:: Instructions for the task ::
Because the copy must hold no pictures, return the data below with all of its words intact.

BEGIN Data section

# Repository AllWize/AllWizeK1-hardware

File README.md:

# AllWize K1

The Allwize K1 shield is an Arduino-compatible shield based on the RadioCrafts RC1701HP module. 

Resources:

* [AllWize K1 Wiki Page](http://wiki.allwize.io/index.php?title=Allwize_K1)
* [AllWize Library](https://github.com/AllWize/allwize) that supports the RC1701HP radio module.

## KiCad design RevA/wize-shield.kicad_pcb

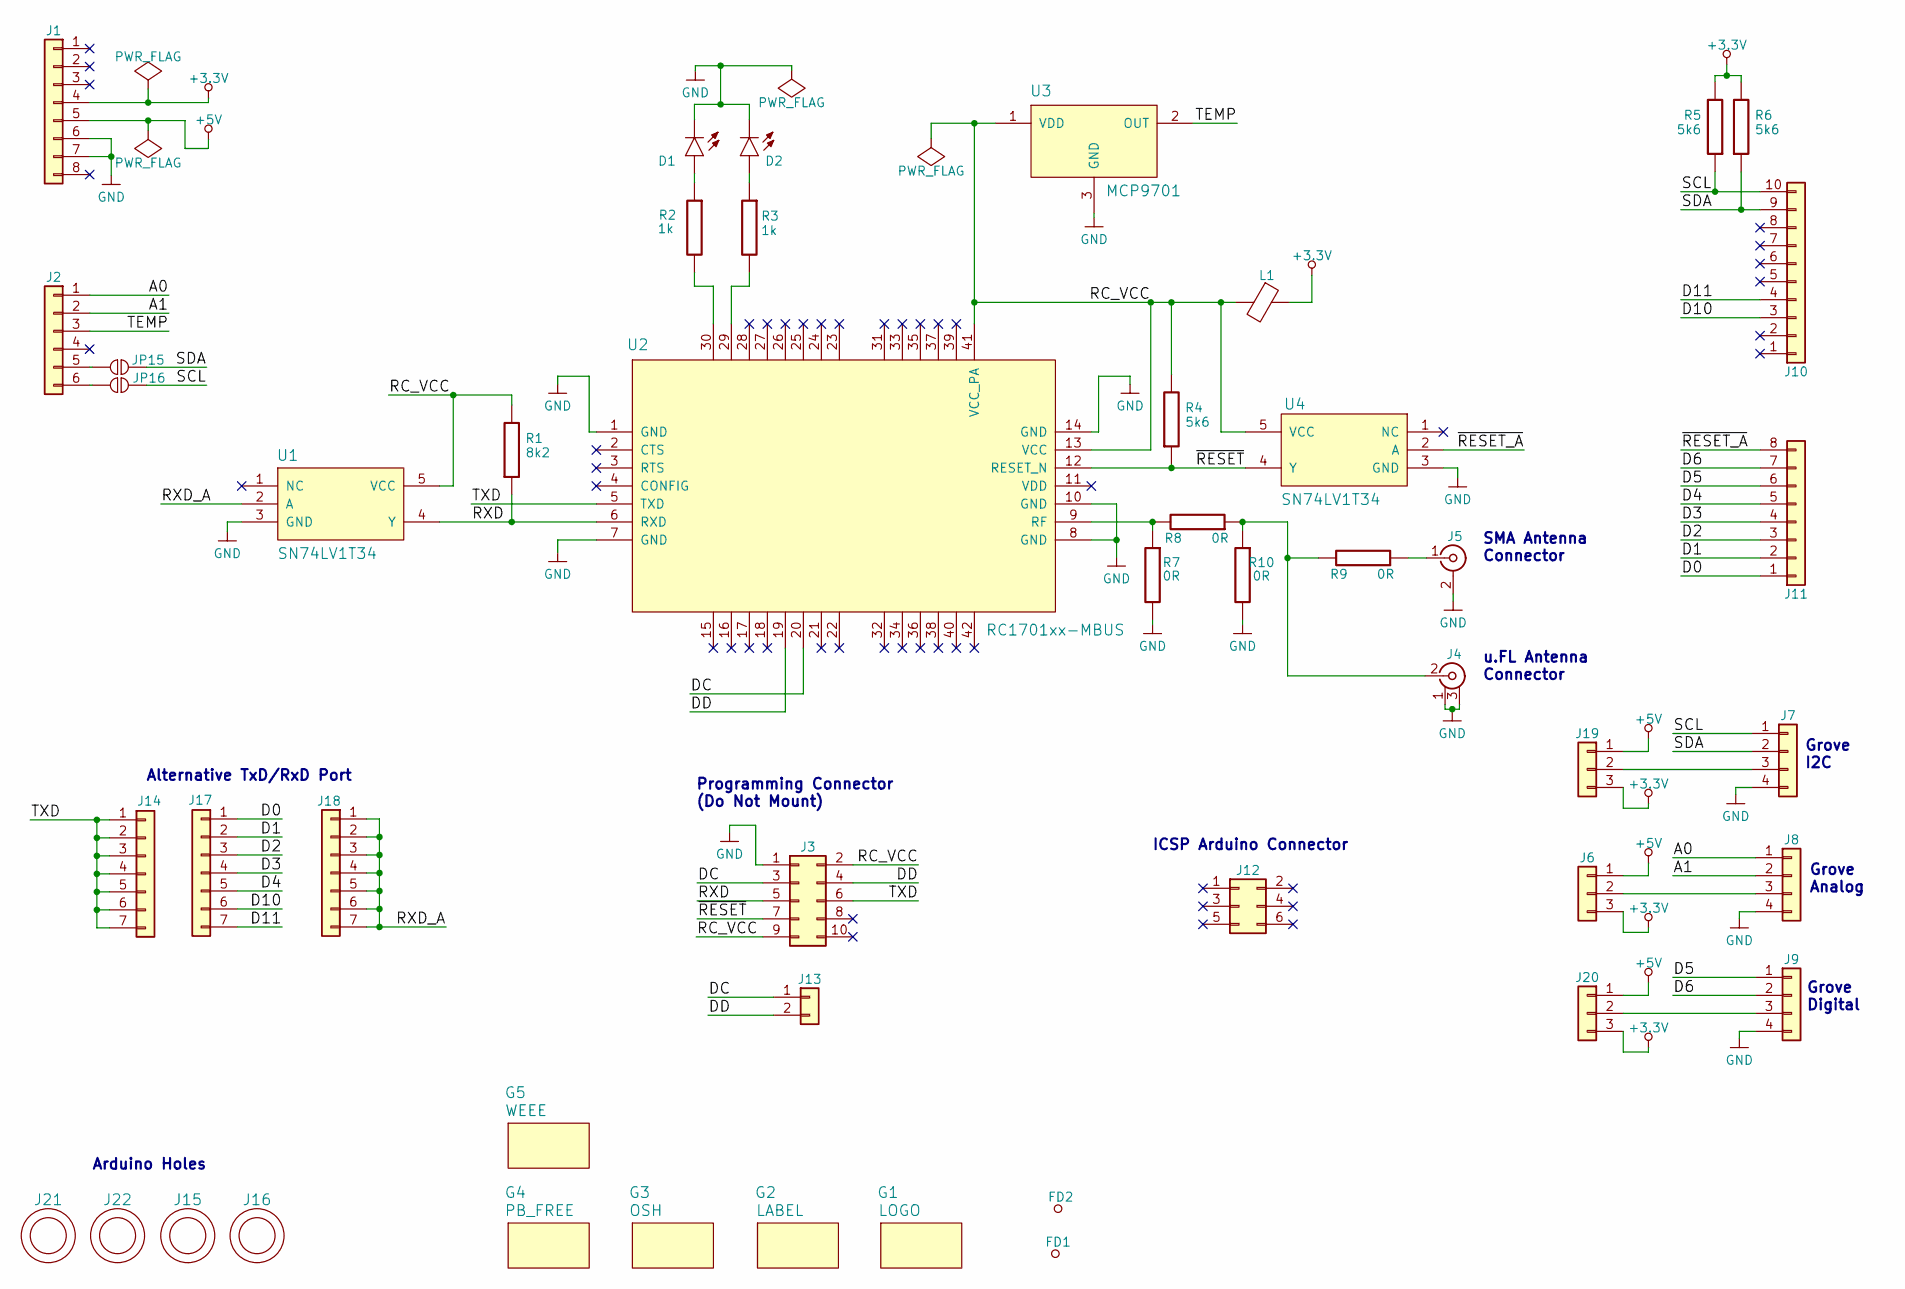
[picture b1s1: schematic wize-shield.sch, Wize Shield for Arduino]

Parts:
D1, D2: LED-DIODE; LED_0603
FD1, FD2: FIDUCIAL; FIDUCIAL-08
G1: LOGO; allwize-logo-2
G2: LABEL; LABEL_15x7mm
G3: OSH; osh
G4: PB_FREE; Pb-free
G5: WEEE
J1, J11: Conn_01x08; PinHeader_1x08_P2.54mm_Vertical
J2: Conn_01x06; PinHeader_1x06_P2.54mm_Vertical
J3: Conn_02x05_Odd_Even; PinHeader_2x05_P1.27mm_Vertical_SMD
J4: Conn_Coaxial_uFL; uFL-CONN
J5: Conn_Coaxial; SMA_Jack
J6, J19, J20: Conn_01x03; PinHeader_1x03_P2.54mm_Vertical
J7, J8, J9: Conn_01x04; GROVE-TH-1x04-P2.00mm_Horizontal
J10: Conn_01x10; PinHeader_1x10_P2.54mm_Vertical
J12: Conn_02x03_Odd_Even; PinHeader_2x03_P2.54mm_Vertical
J13: Conn_01x02; PinHeader_1x02_P2.54mm_Vertical
J14, J17, J18: Conn_01x07; PinHeader_1x07_P2.54mm_Vertical
J15, J16, J21, J22: NPTH-HOLE; HOLE_3.10MM
JP15, JP16: SolderJumper_2_Open; SolderJumper-2_P1.3mm_Open_Pad1.0x1.5mm
L1: Ferrite_Bead; R_0603
R1: 8k2; R_0603
R2, R3: 1k; R_0603
R4, R5, R6: 5k6; R_0603
R7, R8, R10: 0R; R_0603
R9: 0R; R_0603_ANTENNA
U1, U4: SN74LV1T34; SOT-23-5
U2: RC1701xx-MBUS
U3: MCP9701; SOT-23-3

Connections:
+3.3V: J1.4, J6.3, J19.3, J20.3, L1.1, R5.2, R6.2
+5V: J1.5, J6.1, J19.1, J20.1
/A0: J2.1, J8.1
/A1: J2.2, J8.2
/D0: J11.1, J17.1
/D1: J11.2, J17.2
/D2: J11.3, J17.3
/D3: J11.4, J17.4
/D4: J11.5, J17.5
/D5: J9.1, J11.6
/D6: J9.2, J11.7
/D10: J10.3, J17.6
/D11: J10.4, J17.7
/DC: J3.3, J13.1, U2.20
/DD: J3.4, J13.2, U2.19
/RC_VCC: J3.2, J3.9, L1.2, R1.2, R4.2, U1.5 (VCC), U2.13 (VCC), U2.41 (VCC_PA), U3.1 (VDD), U4.5 (VCC)
/RXD: J3.5, R1.1, U1.4 (Y), U2.6 (RXD)
/RXD_A: J18.1, J18.2, J18.3, J18.4, J18.5, J18.6, J18.7, U1.2 (A)
/SCL: J7.1, J10.10, JP16.2 (B), R5.1
/SDA: J7.2, J10.9, JP15.2 (B), R6.1
/TEMP: J2.3, U3.2 (OUT)
/TXD: J3.6, J14.1, J14.2, J14.3, J14.4, J14.5, J14.6, J14.7, U2.5 (TXD)
/~RESET_A~: J11.8, U4.2 (A)
/~RESET~: J3.7, R4.1, U2.12 (RESET_N), U4.4 (Y)
GND: D1.2 (C), D2.2 (C), J1.6, J1.7, J3.1, J4.1 (Ext), J4.3 (Ext), J5.2 (Ext), J7.4, J8.4, J9.4, R7.2, R10.2, U1.3 (GND), U2.1 (GND), U2.7 (GND), U2.8 (GND), U2.10 (GND), U2.14 (GND), U3.3 (GND), U4.3 (GND)
unnamed: D1.1 (A), R2.1
unnamed: D2.1 (A), R3.1
unnamed: J2.5, JP15.1 (A)
unnamed: J2.6, JP16.1 (A)
unnamed: J4.2 (In), R8.1, R9.2, R10.1
unnamed: J5.1 (In), R9.1
unnamed: J6.2, J8.3
unnamed: J7.3, J19.2
unnamed: J9.3, J20.2
unnamed: R2.2, U2.30
unnamed: R3.2, U2.29
unnamed: R7.1, R8.2, U2.9 (RF)

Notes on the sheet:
Programming Connector (Do Not Mount)
Alternative TxD/RxD Port
Grove I2C
Grove Analog
Grove Digital
ICSP Arduino Connector
Arduino Holes
SMA Antenna Connector
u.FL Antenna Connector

END Data section

:: Solution for this problem ::
# Repository AllWize/AllWizeK1-hardware

File README.md:

# AllWize K1

The Allwize K1 shield is an Arduino-compatible shield based on the RadioCrafts RC1701HP module. 

Resources:

* [AllWize K1 Wiki Page](http://wiki.allwize.io/index.php?title=Allwize_K1)
* [AllWize Library](https://github.com/AllWize/allwize) that supports the RC1701HP radio module.

## KiCad design RevA/wize-shield.kicad_pcb

[picture b1s1: schematic wize-shield.sch, Wize Shield for Arduino]

Parts:
D1, D2: LED-DIODE; LED_0603
FD1, FD2: FIDUCIAL; FIDUCIAL-08
G1: LOGO; allwize-logo-2
G2: LABEL; LABEL_15x7mm
G3: OSH; osh
G4: PB_FREE; Pb-free
G5: WEEE
J1, J11: Conn_01x08; PinHeader_1x08_P2.54mm_Vertical
J2: Conn_01x06; PinHeader_1x06_P2.54mm_Vertical
J3: Conn_02x05_Odd_Even; PinHeader_2x05_P1.27mm_Vertical_SMD
J4: Conn_Coaxial_uFL; uFL-CONN
J5: Conn_Coaxial; SMA_Jack
J6, J19, J20: Conn_01x03; PinHeader_1x03_P2.54mm_Vertical
J7, J8, J9: Conn_01x04; GROVE-TH-1x04-P2.00mm_Horizontal
J10: Conn_01x10; PinHeader_1x10_P2.54mm_Vertical
J12: Conn_02x03_Odd_Even; PinHeader_2x03_P2.54mm_Vertical
J13: Conn_01x02; PinHeader_1x02_P2.54mm_Vertical
J14, J17, J18: Conn_01x07; PinHeader_1x07_P2.54mm_Vertical
J15, J16, J21, J22: NPTH-HOLE; HOLE_3.10MM
JP15, JP16: SolderJumper_2_Open; SolderJumper-2_P1.3mm_Open_Pad1.0x1.5mm
L1: Ferrite_Bead; R_0603
R1: 8k2; R_0603
R2, R3: 1k; R_0603
R4, R5, R6: 5k6; R_0603
R7, R8, R10: 0R; R_0603
R9: 0R; R_0603_ANTENNA
U1, U4: SN74LV1T34; SOT-23-5
U2: RC1701xx-MBUS
U3: MCP9701; SOT-23-3

Connections:
+3.3V: J1.4, J6.3, J19.3, J20.3, L1.1, R5.2, R6.2
+5V: J1.5, J6.1, J19.1, J20.1
/A0: J2.1, J8.1
/A1: J2.2, J8.2
/D0: J11.1, J17.1
/D1: J11.2, J17.2
/D2: J11.3, J17.3
/D3: J11.4, J17.4
/D4: J11.5, J17.5
/D5: J9.1, J11.6
/D6: J9.2, J11.7
/D10: J10.3, J17.6
/D11: J10.4, J17.7
/DC: J3.3, J13.1, U2.20
/DD: J3.4, J13.2, U2.19
/RC_VCC: J3.2, J3.9, L1.2, R1.2, R4.2, U1.5 (VCC), U2.13 (VCC), U2.41 (VCC_PA), U3.1 (VDD), U4.5 (VCC)
/RXD: J3.5, R1.1, U1.4 (Y), U2.6 (RXD)
/RXD_A: J18.1, J18.2, J18.3, J18.4, J18.5, J18.6, J18.7, U1.2 (A)
/SCL: J7.1, J10.10, JP16.2 (B), R5.1
/SDA: J7.2, J10.9, JP15.2 (B), R6.1
/TEMP: J2.3, U3.2 (OUT)
/TXD: J3.6, J14.1, J14.2, J14.3, J14.4, J14.5, J14.6, J14.7, U2.5 (TXD)
/~RESET_A~: J11.8, U4.2 (A)
/~RESET~: J3.7, R4.1, U2.12 (RESET_N), U4.4 (Y)
GND: D1.2 (C), D2.2 (C), J1.6, J1.7, J3.1, J4.1 (Ext), J4.3 (Ext), J5.2 (Ext), J7.4, J8.4, J9.4, R7.2, R10.2, U1.3 (GND), U2.1 (GND), U2.7 (GND), U2.8 (GND), U2.10 (GND), U2.14 (GND), U3.3 (GND), U4.3 (GND)
unnamed: D1.1 (A), R2.1
unnamed: D2.1 (A), R3.1
unnamed: J2.5, JP15.1 (A)
unnamed: J2.6, JP16.1 (A)
unnamed: J4.2 (In), R8.1, R9.2, R10.1
unnamed: J5.1 (In), R9.1
unnamed: J6.2, J8.3
unnamed: J7.3, J19.2
unnamed: J9.3, J20.2
unnamed: R2.2, U2.30
unnamed: R3.2, U2.29
unnamed: R7.1, R8.2, U2.9 (RF)

Notes on the sheet:
Programming Connector (Do Not Mount)
Alternative TxD/RxD Port
Grove I2C
Grove Analog
Grove Digital
ICSP Arduino Connector
Arduino Holes
SMA Antenna Connector
u.FL Antenna Connector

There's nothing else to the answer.